═════ DATA SUPPLIED
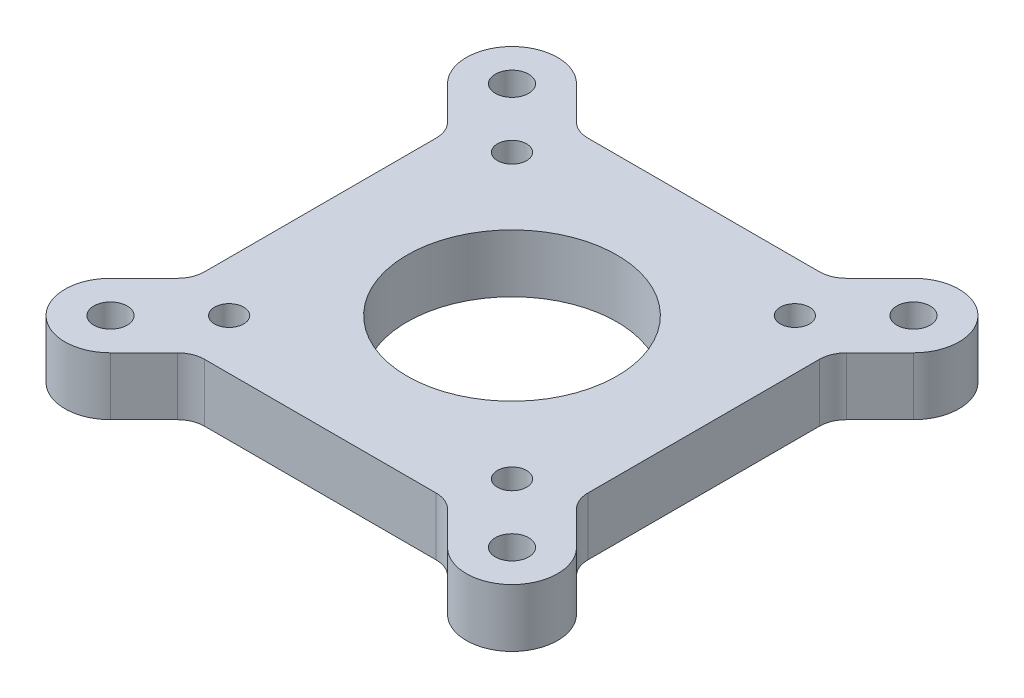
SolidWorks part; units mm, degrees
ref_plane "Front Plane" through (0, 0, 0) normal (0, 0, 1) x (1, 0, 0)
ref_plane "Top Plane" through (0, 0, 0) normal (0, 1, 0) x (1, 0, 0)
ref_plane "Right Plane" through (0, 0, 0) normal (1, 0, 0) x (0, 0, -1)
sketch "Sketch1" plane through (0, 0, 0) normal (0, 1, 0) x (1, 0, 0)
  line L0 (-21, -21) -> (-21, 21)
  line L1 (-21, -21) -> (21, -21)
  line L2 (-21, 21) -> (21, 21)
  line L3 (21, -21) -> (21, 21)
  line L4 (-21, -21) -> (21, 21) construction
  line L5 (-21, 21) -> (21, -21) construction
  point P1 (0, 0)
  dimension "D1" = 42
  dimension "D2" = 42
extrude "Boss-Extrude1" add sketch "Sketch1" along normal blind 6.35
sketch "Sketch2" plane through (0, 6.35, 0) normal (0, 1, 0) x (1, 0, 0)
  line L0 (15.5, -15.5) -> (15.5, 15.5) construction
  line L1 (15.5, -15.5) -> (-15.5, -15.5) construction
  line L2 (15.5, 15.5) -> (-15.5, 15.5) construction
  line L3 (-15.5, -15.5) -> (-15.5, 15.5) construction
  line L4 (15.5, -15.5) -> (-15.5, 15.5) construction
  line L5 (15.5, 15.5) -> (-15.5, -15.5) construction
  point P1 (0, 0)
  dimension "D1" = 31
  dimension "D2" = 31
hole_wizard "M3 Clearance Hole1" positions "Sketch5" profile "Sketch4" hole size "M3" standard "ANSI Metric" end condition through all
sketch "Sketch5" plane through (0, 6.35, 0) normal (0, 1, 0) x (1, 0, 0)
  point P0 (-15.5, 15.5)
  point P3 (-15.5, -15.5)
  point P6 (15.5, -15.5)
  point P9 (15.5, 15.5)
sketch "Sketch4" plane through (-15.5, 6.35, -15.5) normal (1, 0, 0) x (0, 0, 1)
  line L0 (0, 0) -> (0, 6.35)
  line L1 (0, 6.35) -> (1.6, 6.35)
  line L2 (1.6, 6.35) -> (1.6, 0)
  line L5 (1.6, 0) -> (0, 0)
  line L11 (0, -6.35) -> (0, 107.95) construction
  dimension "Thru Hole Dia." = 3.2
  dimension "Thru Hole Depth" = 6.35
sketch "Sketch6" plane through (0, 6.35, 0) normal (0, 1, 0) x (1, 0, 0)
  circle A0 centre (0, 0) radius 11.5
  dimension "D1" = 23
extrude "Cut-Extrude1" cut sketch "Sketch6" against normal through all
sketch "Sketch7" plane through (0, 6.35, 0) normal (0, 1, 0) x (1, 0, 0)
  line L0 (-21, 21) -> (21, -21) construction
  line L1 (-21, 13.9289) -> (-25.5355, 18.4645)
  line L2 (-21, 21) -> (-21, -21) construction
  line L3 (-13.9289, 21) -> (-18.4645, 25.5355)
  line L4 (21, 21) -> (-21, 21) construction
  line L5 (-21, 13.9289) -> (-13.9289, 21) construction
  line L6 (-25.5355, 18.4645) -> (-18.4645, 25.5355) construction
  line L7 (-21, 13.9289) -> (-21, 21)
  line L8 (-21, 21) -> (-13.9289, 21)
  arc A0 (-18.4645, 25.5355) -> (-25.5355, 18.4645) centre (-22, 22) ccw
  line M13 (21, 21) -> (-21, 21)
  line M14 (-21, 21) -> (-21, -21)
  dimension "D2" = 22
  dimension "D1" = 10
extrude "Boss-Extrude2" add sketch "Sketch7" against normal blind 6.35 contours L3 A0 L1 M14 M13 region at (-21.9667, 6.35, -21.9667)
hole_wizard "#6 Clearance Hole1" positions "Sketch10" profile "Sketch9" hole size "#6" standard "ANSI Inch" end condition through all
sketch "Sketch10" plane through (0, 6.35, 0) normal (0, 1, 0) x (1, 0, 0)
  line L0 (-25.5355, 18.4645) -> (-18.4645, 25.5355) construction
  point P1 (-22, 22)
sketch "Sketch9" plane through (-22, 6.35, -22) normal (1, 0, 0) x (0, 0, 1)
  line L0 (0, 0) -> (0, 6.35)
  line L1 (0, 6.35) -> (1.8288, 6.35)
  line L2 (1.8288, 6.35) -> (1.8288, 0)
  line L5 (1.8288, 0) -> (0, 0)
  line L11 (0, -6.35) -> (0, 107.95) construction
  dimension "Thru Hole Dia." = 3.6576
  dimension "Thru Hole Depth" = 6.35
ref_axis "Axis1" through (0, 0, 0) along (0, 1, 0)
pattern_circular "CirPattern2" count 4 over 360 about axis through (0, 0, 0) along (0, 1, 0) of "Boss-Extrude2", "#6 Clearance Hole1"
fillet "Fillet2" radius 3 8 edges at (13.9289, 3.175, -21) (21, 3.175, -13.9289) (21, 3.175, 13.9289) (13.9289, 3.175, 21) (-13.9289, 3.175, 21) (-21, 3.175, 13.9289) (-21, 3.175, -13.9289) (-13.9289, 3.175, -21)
══════════
→ **EXERCISE DIRECTIONS**: Set every record down exactly, omitting pictures.

→ **EXERCISE RESULT**:
SolidWorks part; units mm, degrees
ref_plane "Front Plane" through (0, 0, 0) normal (0, 0, 1) x (1, 0, 0)
ref_plane "Top Plane" through (0, 0, 0) normal (0, 1, 0) x (1, 0, 0)
ref_plane "Right Plane" through (0, 0, 0) normal (1, 0, 0) x (0, 0, -1)
sketch "Sketch1" plane through (0, 0, 0) normal (0, 1, 0) x (1, 0, 0)
  line L0 (-21, -21) -> (-21, 21)
  line L1 (-21, -21) -> (21, -21)
  line L2 (-21, 21) -> (21, 21)
  line L3 (21, -21) -> (21, 21)
  line L4 (-21, -21) -> (21, 21) construction
  line L5 (-21, 21) -> (21, -21) construction
  point P1 (0, 0)
  dimension "D1" = 42
  dimension "D2" = 42
extrude "Boss-Extrude1" add sketch "Sketch1" along normal blind 6.35
sketch "Sketch2" plane through (0, 6.35, 0) normal (0, 1, 0) x (1, 0, 0)
  line L0 (15.5, -15.5) -> (15.5, 15.5) construction
  line L1 (15.5, -15.5) -> (-15.5, -15.5) construction
  line L2 (15.5, 15.5) -> (-15.5, 15.5) construction
  line L3 (-15.5, -15.5) -> (-15.5, 15.5) construction
  line L4 (15.5, -15.5) -> (-15.5, 15.5) construction
  line L5 (15.5, 15.5) -> (-15.5, -15.5) construction
  point P1 (0, 0)
  dimension "D1" = 31
  dimension "D2" = 31
hole_wizard "M3 Clearance Hole1" positions "Sketch5" profile "Sketch4" hole size "M3" standard "ANSI Metric" end condition through all
sketch "Sketch5" plane through (0, 6.35, 0) normal (0, 1, 0) x (1, 0, 0)
  point P0 (-15.5, 15.5)
  point P3 (-15.5, -15.5)
  point P6 (15.5, -15.5)
  point P9 (15.5, 15.5)
sketch "Sketch4" plane through (-15.5, 6.35, -15.5) normal (1, 0, 0) x (0, 0, 1)
  line L0 (0, 0) -> (0, 6.35)
  line L1 (0, 6.35) -> (1.6, 6.35)
  line L2 (1.6, 6.35) -> (1.6, 0)
  line L5 (1.6, 0) -> (0, 0)
  line L11 (0, -6.35) -> (0, 107.95) construction
  dimension "Thru Hole Dia." = 3.2
  dimension "Thru Hole Depth" = 6.35
sketch "Sketch6" plane through (0, 6.35, 0) normal (0, 1, 0) x (1, 0, 0)
  circle A0 centre (0, 0) radius 11.5
  dimension "D1" = 23
extrude "Cut-Extrude1" cut sketch "Sketch6" against normal through all
sketch "Sketch7" plane through (0, 6.35, 0) normal (0, 1, 0) x (1, 0, 0)
  line L0 (-21, 21) -> (21, -21) construction
  line L1 (-21, 13.9289) -> (-25.5355, 18.4645)
  line L2 (-21, 21) -> (-21, -21) construction
  line L3 (-13.9289, 21) -> (-18.4645, 25.5355)
  line L4 (21, 21) -> (-21, 21) construction
  line L5 (-21, 13.9289) -> (-13.9289, 21) construction
  line L6 (-25.5355, 18.4645) -> (-18.4645, 25.5355) construction
  line L7 (-21, 13.9289) -> (-21, 21)
  line L8 (-21, 21) -> (-13.9289, 21)
  arc A0 (-18.4645, 25.5355) -> (-25.5355, 18.4645) centre (-22, 22) ccw
  line M13 (21, 21) -> (-21, 21)
  line M14 (-21, 21) -> (-21, -21)
  dimension "D2" = 22
  dimension "D1" = 10
extrude "Boss-Extrude2" add sketch "Sketch7" against normal blind 6.35 contours L3 A0 L1 M14 M13 region at (-21.9667, 6.35, -21.9667)
hole_wizard "#6 Clearance Hole1" positions "Sketch10" profile "Sketch9" hole size "#6" standard "ANSI Inch" end condition through all
sketch "Sketch10" plane through (0, 6.35, 0) normal (0, 1, 0) x (1, 0, 0)
  line L0 (-25.5355, 18.4645) -> (-18.4645, 25.5355) construction
  point P1 (-22, 22)
sketch "Sketch9" plane through (-22, 6.35, -22) normal (1, 0, 0) x (0, 0, 1)
  line L0 (0, 0) -> (0, 6.35)
  line L1 (0, 6.35) -> (1.8288, 6.35)
  line L2 (1.8288, 6.35) -> (1.8288, 0)
  line L5 (1.8288, 0) -> (0, 0)
  line L11 (0, -6.35) -> (0, 107.95) construction
  dimension "Thru Hole Dia." = 3.6576
  dimension "Thru Hole Depth" = 6.35
ref_axis "Axis1" through (0, 0, 0) along (0, 1, 0)
pattern_circular "CirPattern2" count 4 over 360 about axis through (0, 0, 0) along (0, 1, 0) of "Boss-Extrude2", "#6 Clearance Hole1"
fillet "Fillet2" radius 3 8 edges at (13.9289, 3.175, -21) (21, 3.175, -13.9289) (21, 3.175, 13.9289) (13.9289, 3.175, 21) (-13.9289, 3.175, 21) (-21, 3.175, 13.9289) (-21, 3.175, -13.9289) (-13.9289, 3.175, -21)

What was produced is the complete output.